Vasconcellos Eduardo C, Clua Esteban W G, Fenton Flavio H, Zamith Marcelo
Institute of Computing, Fluminense Federal University, Niterói, Brazil.
School of Physics, Georgia Institute of Technology, Atlanta, Georgia.
Concurr Comput. 2020 Mar 10;32(5). doi: 10.1002/cpe.5528. Epub 2019 Oct 23.

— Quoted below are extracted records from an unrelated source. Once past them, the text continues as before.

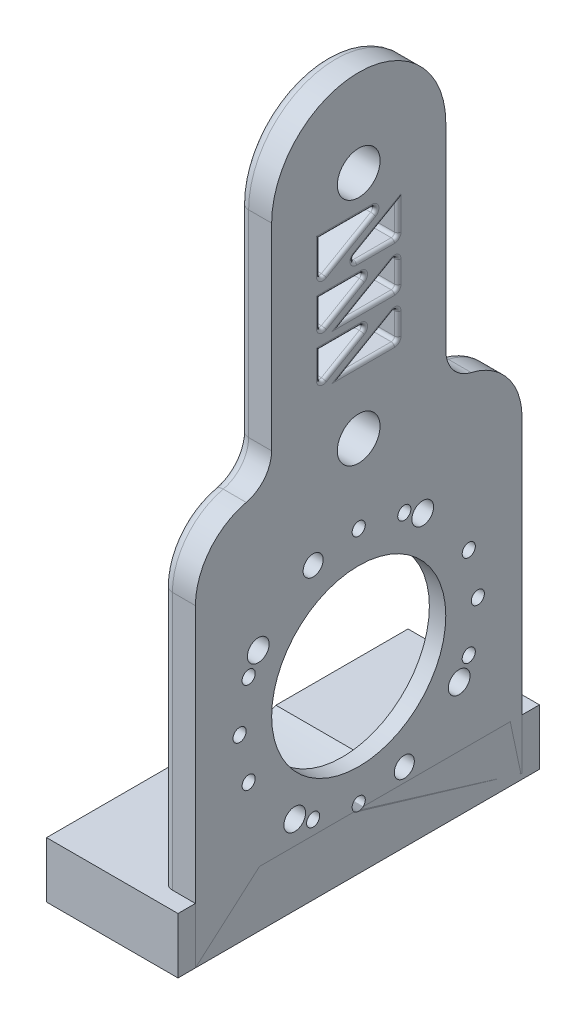
SolidWorks part; units mm, degrees
ref_plane "Front Plane" through (0, 0, 0) normal (0, 0, 1) x (1, 0, 0)
ref_plane "Top Plane" through (0, 0, 0) normal (0, 1, 0) x (1, 0, 0)
ref_plane "Right Plane" through (0, 0, 0) normal (1, 0, 0) x (0, 0, -1)
sketch "Sketch2" plane through (0, 0, 0) normal (1, 0, 0) x (0, 0, -1)
  line L0 (-49.7, 0) -> (-49.7, -54.7)
  line L1 (-49.7, -54.7) -> (49.7, -54.7)
  line L2 (49.7, -54.7) -> (49.7, 30)
  line L3 (0, 0) -> (0, 130) construction
  line L4 (-49.7, 0) -> (-49.7, 130)
  line L6 (49.7, 130) -> (49.7, 30)
  line L7 (-4.0065, 60) -> (3.9935, 60) construction
  line L8 (-49.7, 130) -> (49.7, 130) construction
  arc A0 (-32.0764, 15.2865) -> (-34.9048, 12.4581) centre (-33.4906, 13.8723) ccw
  arc A1 (-34.9048, 12.4581) -> (-32.0764, 15.2865) centre (-33.4906, 13.8723) ccw
  arc A74 (-20.5317, -3.7195) -> (-23.1344, -1.6907) centre (-21.8331, -2.7051) ccw
  arc A75 (-23.1344, -1.6907) -> (-20.5317, -3.7195) centre (-21.8331, -2.7051) ccw
  arc A76 (-16.2541, -14.2736) -> (-18.8568, -12.2448) centre (-17.5554, -13.2592) ccw
  arc A77 (-18.8568, -12.2448) -> (-16.2541, -14.2736) centre (-17.5554, -13.2592) ccw
  arc A78 (-7.2725, -21.275) -> (-9.8752, -19.2461) centre (-8.5738, -20.2605) ccw
  arc A79 (-9.8752, -19.2461) -> (-7.2725, -21.275) centre (-8.5738, -20.2605) ccw
  arc A80 (4.0065, -22.8475) -> (1.4038, -20.8186) centre (2.7051, -21.8331) ccw
  arc A81 (1.4038, -20.8186) -> (4.0065, -22.8475) centre (2.7051, -21.8331) ccw
  arc A82 (14.5606, -18.5698) -> (11.9579, -16.541) centre (13.2592, -17.5554) ccw
  arc A83 (11.9579, -16.541) -> (14.5606, -18.5698) centre (13.2592, -17.5554) ccw
  arc A84 (21.5619, -9.5882) -> (18.9592, -7.5594) centre (20.2605, -8.5738) ccw
  arc A85 (18.9592, -7.5594) -> (21.5619, -9.5882) centre (20.2605, -8.5738) ccw
  arc A86 (23.1344, 1.6907) -> (20.5317, 3.7195) centre (21.8331, 2.7051) ccw
  arc A87 (20.5317, 3.7195) -> (23.1344, 1.6907) centre (21.8331, 2.7051) ccw
  arc A88 (18.8568, 12.2448) -> (16.2541, 14.2736) centre (17.5554, 13.2592) ccw
  arc A89 (16.2541, 14.2736) -> (18.8568, 12.2448) centre (17.5554, 13.2592) ccw
  arc A90 (9.8752, 19.2461) -> (7.2725, 21.275) centre (8.5738, 20.2605) ccw
  arc A91 (7.2725, 21.275) -> (9.8752, 19.2461) centre (8.5738, 20.2605) ccw
  arc A92 (-1.4038, 20.8186) -> (-4.0065, 22.8475) centre (-2.7051, 21.8331) ccw
  arc A93 (-4.0065, 22.8475) -> (-1.4038, 20.8186) centre (-2.7051, 21.8331) ccw
  arc A94 (-11.9579, 16.541) -> (-14.5606, 18.5698) centre (-13.2592, 17.5554) ccw
  arc A95 (-14.5606, 18.5698) -> (-11.9579, 16.541) centre (-13.2592, 17.5554) ccw
  arc A96 (-18.9592, 7.5594) -> (-21.5619, 9.5882) centre (-20.2605, 8.5738) ccw
  arc A97 (-21.5619, 9.5882) -> (-18.9592, 7.5594) centre (-20.2605, 8.5738) ccw
  arc A98 (-17.1437, -28.2395) -> (-21.8106, -32.9064) centre (-19.4771, -30.5729) ccw
  arc A99 (-21.8106, -32.9064) -> (-17.1437, -28.2395) centre (-19.4771, -30.5729) ccw
  arc A102 (32.9064, -17.1437) -> (28.2395, -21.8106) centre (30.5729, -19.4771) ccw
  arc A103 (28.2395, -21.8106) -> (32.9064, -17.1437) centre (30.5729, -19.4771) ccw
  arc A104 (21.8106, 32.9064) -> (17.1437, 28.2395) centre (19.4771, 30.5729) ccw
  arc A105 (17.1437, 28.2395) -> (21.8106, 32.9064) centre (19.4771, 30.5729) ccw
  arc A108 (-28.2395, 21.8106) -> (-32.9064, 17.1437) centre (-30.5729, 19.4771) ccw
  arc A109 (-32.9064, 17.1437) -> (-28.2395, 21.8106) centre (-30.5729, 19.4771) ccw
  arc A110 (-20.9002, 16.2921) -> (20.9002, -16.2921) centre (0, 0) ccw
  arc A111 (20.9002, -16.2921) -> (-20.9002, 16.2921) centre (0, 0) ccw
  circle A112 centre (0, 0) radius 40.5
  arc A113 (16.029, -31.334) -> (11.7156, -35.6473) centre (13.8723, -33.4906) ccw
  arc A114 (-37.6642, -1.4142) -> (-34.8358, 1.4142) centre (-36.25, 0) ccw
  arc A115 (-34.8358, 1.4142) -> (-37.6642, -1.4142) centre (-36.25, 0) ccw
  arc A116 (-34.9048, -15.2865) -> (-32.0764, -12.4581) centre (-33.4906, -13.8723) ccw
  arc A117 (-32.0764, -12.4581) -> (-34.9048, -15.2865) centre (-33.4906, -13.8723) ccw
  arc A118 (-12.4581, -32.0764) -> (-15.2865, -34.9048) centre (-13.8723, -33.4906) ccw
  arc A119 (-15.2865, -34.9048) -> (-12.4581, -32.0764) centre (-13.8723, -33.4906) ccw
  arc A120 (-1.4142, -37.6642) -> (1.4142, -34.8358) centre (0, -36.25) ccw
  arc A121 (1.4142, -34.8358) -> (-1.4142, -37.6642) centre (0, -36.25) ccw
  arc A122 (32.0764, -15.2865) -> (34.9048, -12.4581) centre (33.4906, -13.8723) ccw
  arc A123 (34.9048, -12.4581) -> (32.0764, -15.2865) centre (33.4906, -13.8723) ccw
  arc A124 (34.8358, -1.4142) -> (37.6642, 1.4142) centre (36.25, 0) ccw
  arc A125 (37.6642, 1.4142) -> (34.8358, -1.4142) centre (36.25, 0) ccw
  arc A126 (32.0764, 12.4581) -> (34.9048, 15.2865) centre (33.4906, 13.8723) ccw
  arc A127 (34.9048, 15.2865) -> (32.0764, 12.4581) centre (33.4906, 13.8723) ccw
  arc A128 (15.2865, 34.9048) -> (12.4581, 32.0764) centre (13.8723, 33.4906) ccw
  arc A129 (12.4581, 32.0764) -> (15.2865, 34.9048) centre (13.8723, 33.4906) ccw
  arc A130 (-1.4142, 34.8358) -> (1.4142, 37.6642) centre (0, 36.25) ccw
  arc A131 (1.4142, 37.6642) -> (-1.4142, 34.8358) centre (0, 36.25) ccw
  arc A134 (11.7156, -35.6473) -> (16.029, -31.334) centre (13.8723, -33.4906) ccw
  arc A135 (-16.029, 31.334) -> (-11.7156, 35.6473) centre (-13.8723, 33.4906) ccw
  arc A136 (-11.7156, 35.6473) -> (-16.029, 31.334) centre (-13.8723, 33.4906) ccw
  arc A137 (49.7, 130) -> (-49.7, 130) centre (0, 130) ccw
  circle A138 centre (-0.0065, 60) radius 6.5
  circle A139 centre (0, 130) radius 6.5
  dimension "D1" = 130
  dimension "D2" = 54.7
  dimension "D3" = 70
extrude "Boss-Extrude1" add sketch "Sketch2" along normal blind 5 contours A112 A131 A130 A129 A128 A127 A126 A125 A124 A123 A122 A121 A120 A119 A118 A117 A116 A115 A114 A1 A0 A99 A98 A103 A102 A105 A104 A109 A108 A111 | L4 A112 region at (0, 74.4467, -0.0001) region at (0, 0, 39.3545)
extrude "Boss-Extrude2" add sketch "Sketch2<5>" against normal blind 5 contours L4 A112 region at (0, 74.4467, -0.0001)
sketch "Sketch2<5>" plane through (0, 0, 0) normal (1, 0, 0) x (0, 0, -1) same geometry as "Sketch2"
ref_plane "Plane1" through (0, -54.7, 0) normal (0, -1, 0) x (-1, 0, 0)
sketch "Sketch3" plane through (0, -54.7, 0) normal (0, -1, 0) x (-1, 0, 0)
  line L0 (-5, 0) -> (35, 0) construction
  line L1 (-5, 55) -> (35, 55)
  line L2 (-5, 55) -> (-5, -55)
  line L3 (-5, -55) -> (35, -55)
  line L5 (35, -55) -> (35, 0)
  line L6 (35, 55) -> (35, 0)
  dimension "D1" = 40
  dimension "D2" = 55
extrude "Boss-Extrude3" add sketch "Sketch3" against normal blind 17 separate body
sketch "Sketch7" plane through (5, 0, 0) normal (1, 0, 0) x (0, 0, -1)
  arc A0 (-32.0764, 15.2865) -> (-34.9048, 12.4581) centre (-33.4906, 13.8723) ccw
  arc A1 (-34.9048, 12.4581) -> (-32.0764, 15.2865) centre (-33.4906, 13.8723) ccw
  arc A2 (-20.5317, -3.7195) -> (-23.1344, -1.6907) centre (-21.8331, -2.7051) ccw
  arc A3 (-23.1344, -1.6907) -> (-20.5317, -3.7195) centre (-21.8331, -2.7051) ccw
  arc A4 (-16.2541, -14.2736) -> (-18.8568, -12.2448) centre (-17.5554, -13.2592) ccw
  arc A5 (-18.8568, -12.2448) -> (-16.2541, -14.2736) centre (-17.5554, -13.2592) ccw
  arc A6 (-7.2725, -21.275) -> (-9.8752, -19.2461) centre (-8.5738, -20.2605) ccw
  arc A7 (-9.8752, -19.2461) -> (-7.2725, -21.275) centre (-8.5738, -20.2605) ccw
  arc A8 (4.0065, -22.8475) -> (1.4038, -20.8186) centre (2.7051, -21.8331) ccw
  arc A9 (1.4038, -20.8186) -> (4.0065, -22.8475) centre (2.7051, -21.8331) ccw
  arc A10 (14.5606, -18.5698) -> (11.9579, -16.541) centre (13.2592, -17.5554) ccw
  arc A11 (11.9579, -16.541) -> (14.5606, -18.5698) centre (13.2592, -17.5554) ccw
  arc A12 (21.5619, -9.5882) -> (18.9592, -7.5594) centre (20.2605, -8.5738) ccw
  arc A13 (18.9592, -7.5594) -> (21.5619, -9.5882) centre (20.2605, -8.5738) ccw
  arc A14 (23.1344, 1.6907) -> (20.5317, 3.7195) centre (21.8331, 2.7051) ccw
  arc A15 (20.5317, 3.7195) -> (23.1344, 1.6907) centre (21.8331, 2.7051) ccw
  arc A16 (18.8568, 12.2448) -> (16.2541, 14.2736) centre (17.5554, 13.2592) ccw
  arc A17 (16.2541, 14.2736) -> (18.8568, 12.2448) centre (17.5554, 13.2592) ccw
  arc A18 (9.8752, 19.2461) -> (7.2725, 21.275) centre (8.5738, 20.2605) ccw
  arc A19 (7.2725, 21.275) -> (9.8752, 19.2461) centre (8.5738, 20.2605) ccw
  arc A20 (-1.4038, 20.8186) -> (-4.0065, 22.8475) centre (-2.7051, 21.8331) ccw
  arc A21 (-4.0065, 22.8475) -> (-1.4038, 20.8186) centre (-2.7051, 21.8331) ccw
  arc A22 (-11.9579, 16.541) -> (-14.5606, 18.5698) centre (-13.2592, 17.5554) ccw
  arc A23 (-14.5606, 18.5698) -> (-11.9579, 16.541) centre (-13.2592, 17.5554) ccw
  arc A24 (-18.9592, 7.5594) -> (-21.5619, 9.5882) centre (-20.2605, 8.5738) ccw
  arc A25 (-21.5619, 9.5882) -> (-18.9592, 7.5594) centre (-20.2605, 8.5738) ccw
  arc A26 (-17.1437, -28.2395) -> (-21.8106, -32.9064) centre (-19.4771, -30.5729) ccw
  arc A27 (-21.8106, -32.9064) -> (-17.1437, -28.2395) centre (-19.4771, -30.5729) ccw
  arc A28 (32.9064, -17.1437) -> (28.2395, -21.8106) centre (30.5729, -19.4771) ccw
  arc A29 (28.2395, -21.8106) -> (32.9064, -17.1437) centre (30.5729, -19.4771) ccw
  arc A30 (21.8106, 32.9064) -> (17.1437, 28.2395) centre (19.4771, 30.5729) ccw
  arc A31 (17.1437, 28.2395) -> (21.8106, 32.9064) centre (19.4771, 30.5729) ccw
  arc A32 (-28.2395, 21.8106) -> (-32.9064, 17.1437) centre (-30.5729, 19.4771) ccw
  arc A33 (-32.9064, 17.1437) -> (-28.2395, 21.8106) centre (-30.5729, 19.4771) ccw
  arc A34 (-20.9002, 16.2921) -> (20.9002, -16.2921) centre (0, 0) ccw
  arc A35 (20.9002, -16.2921) -> (-20.9002, 16.2921) centre (0, 0) ccw
  circle A36 centre (0, 0) radius 40.5
  arc A37 (16.029, -31.334) -> (11.7156, -35.6473) centre (13.8723, -33.4906) ccw
  arc A38 (-37.6642, -1.4142) -> (-34.8358, 1.4142) centre (-36.25, 0) ccw
  arc A39 (-34.8358, 1.4142) -> (-37.6642, -1.4142) centre (-36.25, 0) ccw
  arc A40 (-34.9048, -15.2865) -> (-32.0764, -12.4581) centre (-33.4906, -13.8723) ccw
  arc A41 (-32.0764, -12.4581) -> (-34.9048, -15.2865) centre (-33.4906, -13.8723) ccw
  arc A42 (-12.4581, -32.0764) -> (-15.2865, -34.9048) centre (-13.8723, -33.4906) ccw
  arc A43 (-15.2865, -34.9048) -> (-12.4581, -32.0764) centre (-13.8723, -33.4906) ccw
  arc A44 (-1.4142, -37.6642) -> (1.4142, -34.8358) centre (0, -36.25) ccw
  arc A45 (1.4142, -34.8358) -> (-1.4142, -37.6642) centre (0, -36.25) ccw
  arc A46 (32.0764, -15.2865) -> (34.9048, -12.4581) centre (33.4906, -13.8723) ccw
  arc A47 (34.9048, -12.4581) -> (32.0764, -15.2865) centre (33.4906, -13.8723) ccw
  arc A48 (34.8358, -1.4142) -> (37.6642, 1.4142) centre (36.25, 0) ccw
  arc A49 (37.6642, 1.4142) -> (34.8358, -1.4142) centre (36.25, 0) ccw
  arc A50 (32.0764, 12.4581) -> (34.9048, 15.2865) centre (33.4906, 13.8723) ccw
  arc A51 (34.9048, 15.2865) -> (32.0764, 12.4581) centre (33.4906, 13.8723) ccw
  arc A52 (15.2865, 34.9048) -> (12.4581, 32.0764) centre (13.8723, 33.4906) ccw
  arc A53 (12.4581, 32.0764) -> (15.2865, 34.9048) centre (13.8723, 33.4906) ccw
  arc A54 (-1.4142, 34.8358) -> (1.4142, 37.6642) centre (0, 36.25) ccw
  arc A55 (1.4142, 37.6642) -> (-1.4142, 34.8358) centre (0, 36.25) ccw
  arc A56 (35.1432, 35.1432) -> (-35.1432, -35.1432) centre (0, 0) ccw
  arc A57 (-35.1432, -35.1432) -> (35.1432, 35.1432) centre (0, 0) ccw
  arc A58 (11.7156, -35.6473) -> (16.029, -31.334) centre (13.8723, -33.4906) ccw
  arc A59 (-16.029, 31.334) -> (-11.7156, 35.6473) centre (-13.8723, 33.4906) ccw
  arc A60 (-11.7156, 35.6473) -> (-16.029, 31.334) centre (-13.8723, 33.4906) ccw
  circle M7 centre (13.8723, -33.4906) radius 3.05
  circle M13 centre (0, -36.25) radius 2
  circle M14 centre (-13.8723, -33.4906) radius 2
  circle M18 centre (-19.4771, -30.5729) radius 3.3
extrude "Cut-Extrude8" cut sketch "Sketch2<11>" against normal blind 50 contours A112 A136 A135 A134 A113 A131 A130 A129 A128 A127 A126 A125 A124 A123 A122 A121 A120 A119 A118 A117 A116 A115 A114 A1 A0 A99 A98 A103 A102 A105 A104 A109 A108 A111 region at (0, 0, 39.3545)
sketch "Sketch2<11>" plane through (0, 0, 0) normal (1, 0, 0) x (0, 0, -1) same geometry as "Sketch2"
extrude "Cut-Extrude9" cut sketch "Sketch7" against normal through all contours M13 | M7 | M14 | M18 | A37 A58 region at (5, -30.5729, 19.4771) region at (5, -33.4906, -13.8723) region at (5, -33.4906, 13.8723) region at (5, -36.25, 0)
sketch "Sketch8" plane through (5, 0, 0) normal (1, 0, 0) x (0, 0, -1)
  line L0 (-0.0065, 60) -> (49.7, 60) construction
  line L1 (26.5, 130) -> (26.5, 60) construction
  line L2 (0, 130) -> (-0.0065, 60) construction
  line L3 (49.7, -54.7) -> (49.7, 130)
  line L4 (-49.7, 130) -> (-49.7, -54.7)
  line L5 (-49.7, -54.7) -> (49.7, -54.7)
  line L6 (49.7, -54.7) -> (49.7, 130)
  line L7 (-49.7, 130) -> (-49.7, -54.7)
  line L8 (-49.7, -54.7) -> (49.7, -54.7)
  line L9 (26.5, 130) -> (26.5, 60)
  line L10 (26.5, 60) -> (49.7, 60)
  line L11 (-26.5129, 60.0049) -> (-49.7129, 60.0092)
  line L12 (-26.5, 130.0049) -> (-26.5129, 60.0049)
  circle A0 centre (-0.0065, 60) radius 6.5 construction
  arc A1 (49.7, 130) -> (-49.7, 130) centre (0, 130) ccw
  arc A2 (49.7, 130) -> (-49.7, 130) centre (0, 130) ccw
  circle A3 centre (0, 130) radius 6.5 construction
  circle A4 centre (-0.0065, 60) radius 6.5
  circle A5 centre (0, 130) radius 6.5
  arc A6 (26.5, 130) -> (-26.5, 130.0049) centre (0, 130) ccw
  circle A7 centre (0, 130) radius 26.5 construction
  arc M31 (49.7, 130) -> (-49.7, 130) centre (0, 130) ccw
  line M32 (-49.7, 130) -> (-49.7, -54.7)
  dimension "D1" = 0
  dimension "D2" = 20
extrude "Cut-Extrude10" cut sketch "Sketch8" against normal blind 10 contours A6 L9 L10 L6 L11 L12 M31 M32 region at (5, 61.5559, -38.1)
fillet "Fillet1" radius 10 2 edges at (0, 60.0049, 26.5129) (0, 60, -26.5)
fillet "Fillet2" radius 20 2 edges at (0, 60.0092, 49.7) (0, 60, -49.7)
fillet "Fillet3" radius 1 1 edges at (-5, 0, -40.5)
fillet "Fillet4" radius 3 9 edges at (-5, -6.9596, -49.7) (-5, 53.2173, -45.3631) (-5, 63.7817, -28.6684) (-5, 100, -26.5) (-5, -6.9549, 49.7) (-5, 53.2237, 45.3655) (-5, 63.7892, 28.6789) (-5, 100.0049, 26.5055) (-5, 156.5, -0.0024)
sketch "Sketch9" plane through (-5, 0, 0) normal (-1, 0, 0) x (0, 0, 1)
  line L0 (0, 130) -> (0, 118.6831) construction
  line L1 (-11.8762, 118.6831) -> (11.8762, 118.6831)
  line L2 (-11.8762, 118.6831) -> (-11.8762, 71.3169)
  line L3 (-11.8762, 71.3169) -> (11.8762, 71.3169)
  line L4 (11.8762, 118.6831) -> (11.8762, 71.3169)
  line L5 (-11.8762, 118.6831) -> (11.8762, 104.9696)
  line L6 (11.8762, 104.9696) -> (-11.8762, 104.9696)
  line L7 (-11.8762, 104.9696) -> (11.8762, 91.2562)
  line L8 (11.8762, 91.2562) -> (-11.8762, 91.2562)
  line L9 (-11.8762, 91.2562) -> (11.8762, 77.5427)
  line L10 (11.8762, 77.5427) -> (-11.8762, 77.5427)
  line L11 (-11.8762, 77.5427) -> (-0.0004, 70.6861)
  line L12 (-11.8762, 116.3737) -> (4.4121, 106.9696)
  line L13 (4.4121, 106.9696) -> (-11.8762, 106.9696)
  line L14 (-11.8762, 102.6602) -> (4.4121, 93.2562)
  line L15 (4.4121, 93.2562) -> (-11.8762, 93.2562)
  line L16 (-11.8762, 88.9468) -> (4.4121, 79.5427)
  line L17 (4.4121, 79.5427) -> (-11.8762, 79.5427)
  line L18 (-11.8762, 75.2333) -> (-5.0928, 71.3169)
  line L19 (-7.8762, 118.6831) -> (11.8762, 107.279)
  line L20 (11.8762, 102.9696) -> (-4.4121, 102.9696)
  line L21 (-4.4121, 102.9696) -> (11.8762, 93.5656)
  line L22 (11.8762, 89.2562) -> (-4.4121, 89.2562)
  line L23 (-4.4121, 89.2562) -> (11.8762, 79.8521)
  line L24 (11.8762, 75.5427) -> (-4.4121, 75.5427)
  line L25 (-4.4121, 75.5427) -> (2.9072, 71.3169)
  line L26 (-0.0004, 70.6861) -> (0, 71.3169) construction
  point P0 (8.8533, 91.3721)
  point P37 (0, 130)
extrude "Cut-Extrude11" cut sketch "Sketch9" against normal blind 10 contours L13 L12 L2 | L1 L19 L4 | L20 L21 L4 | L22 L23 L4 | L15 L14 L2 | L17 L16 L2 region at (-5, 114.8818, 5.2921) region at (-5, 110.1043, -6.4468) region at (-5, 99.8349, 6.4468) region at (-5, 96.3909, -6.4468) region at (-5, 86.1215, 6.4468) region at (-5, 82.6774, -6.4468)
fillet "Fillet5" radius 1 48 edges at (5, 118.6831, 2) (-5, 118.6831, 2) (5, 112.9811, 11.8762) (-5, 112.9811, 11.8762) (5, 111.6717, -11.8762) (-5, 111.6717, -11.8762) (5, 111.6717, -3.7321) (-5, 111.6717, -3.7321) (5, 102.9696, 3.7321) (-5, 102.9696, 3.7321) (5, 98.2676, 11.8762) (-5, 98.2676, 11.8762) (5, 89.2562, 3.7321) (-5, 89.2562, 3.7321) (5, 84.5541, 11.8762) (-5, 84.5541, 11.8762) (5, 97.9582, -3.7321) (-5, 97.9582, -3.7321) (5, 93.2562, -3.7321) (-5, 93.2562, -3.7321) (5, 84.2447, -3.7321) (-5, 84.2447, -3.7321) (5, 79.5427, -3.7321) (-5, 79.5427, -3.7321) (0, 118.6831, -7.8762) (5, 112.9811, 2) (0, 107.279, 11.8762) (-5, 112.9811, 2) (0, 106.9696, -11.8762) (5, 106.9696, -3.7321) (0, 106.9696, 4.4121) (-5, 106.9696, -3.7321) (0, 102.9696, -4.4121) (5, 98.2676, 3.7321) (0, 93.5656, 11.8762) (-5, 98.2676, 3.7321) (0, 89.2562, -4.4121) (5, 84.5541, 3.7321) (0, 79.8521, 11.8762) (-5, 84.5541, 3.7321) (0, 102.6602, -11.8762) (5, 97.9582, -11.8762) (0, 93.2562, -11.8762) (-5, 97.9582, -11.8762) (0, 88.9468, -11.8762) (5, 84.2447, -11.8762) (0, 79.5427, -11.8762) (-5, 84.2447, -11.8762)

Simulations of cardiac electrophysiological models in tissue, particularly in 3D require the solutions of billions of differential equations even for just a couple of milliseconds, thus highly demanding in computational resources. In fact, even studies in small domains with very complex models may take several hours to reproduce seconds of electrical cardiac behavior. Today's Graphics Processor Units (GPUs) are becoming a way to accelerate such simulations, and give the added possibilities to run them locally without the need for supercomputers. Nevertheless, when using GPUs, bottlenecks related to global memory access caused by the spatial discretization of the large tissue domains being simulated, become a big challenge. For simulations in a single GPU, we propose a strategy to accelerate the computation of the diffusion term through a data-structure and memory access pattern designed to maximize coalescent memory transactions and minimize branch divergence, achieving results approximately 1.4 times faster than a standard GPU method. We also combine this data structure with a designed communication strategy to take advantage in the case of simulations in multi-GPU platforms. We demonstrate that, in the multi-GPU approach performs, simulations in 3D tissue can be just 4× slower than real time.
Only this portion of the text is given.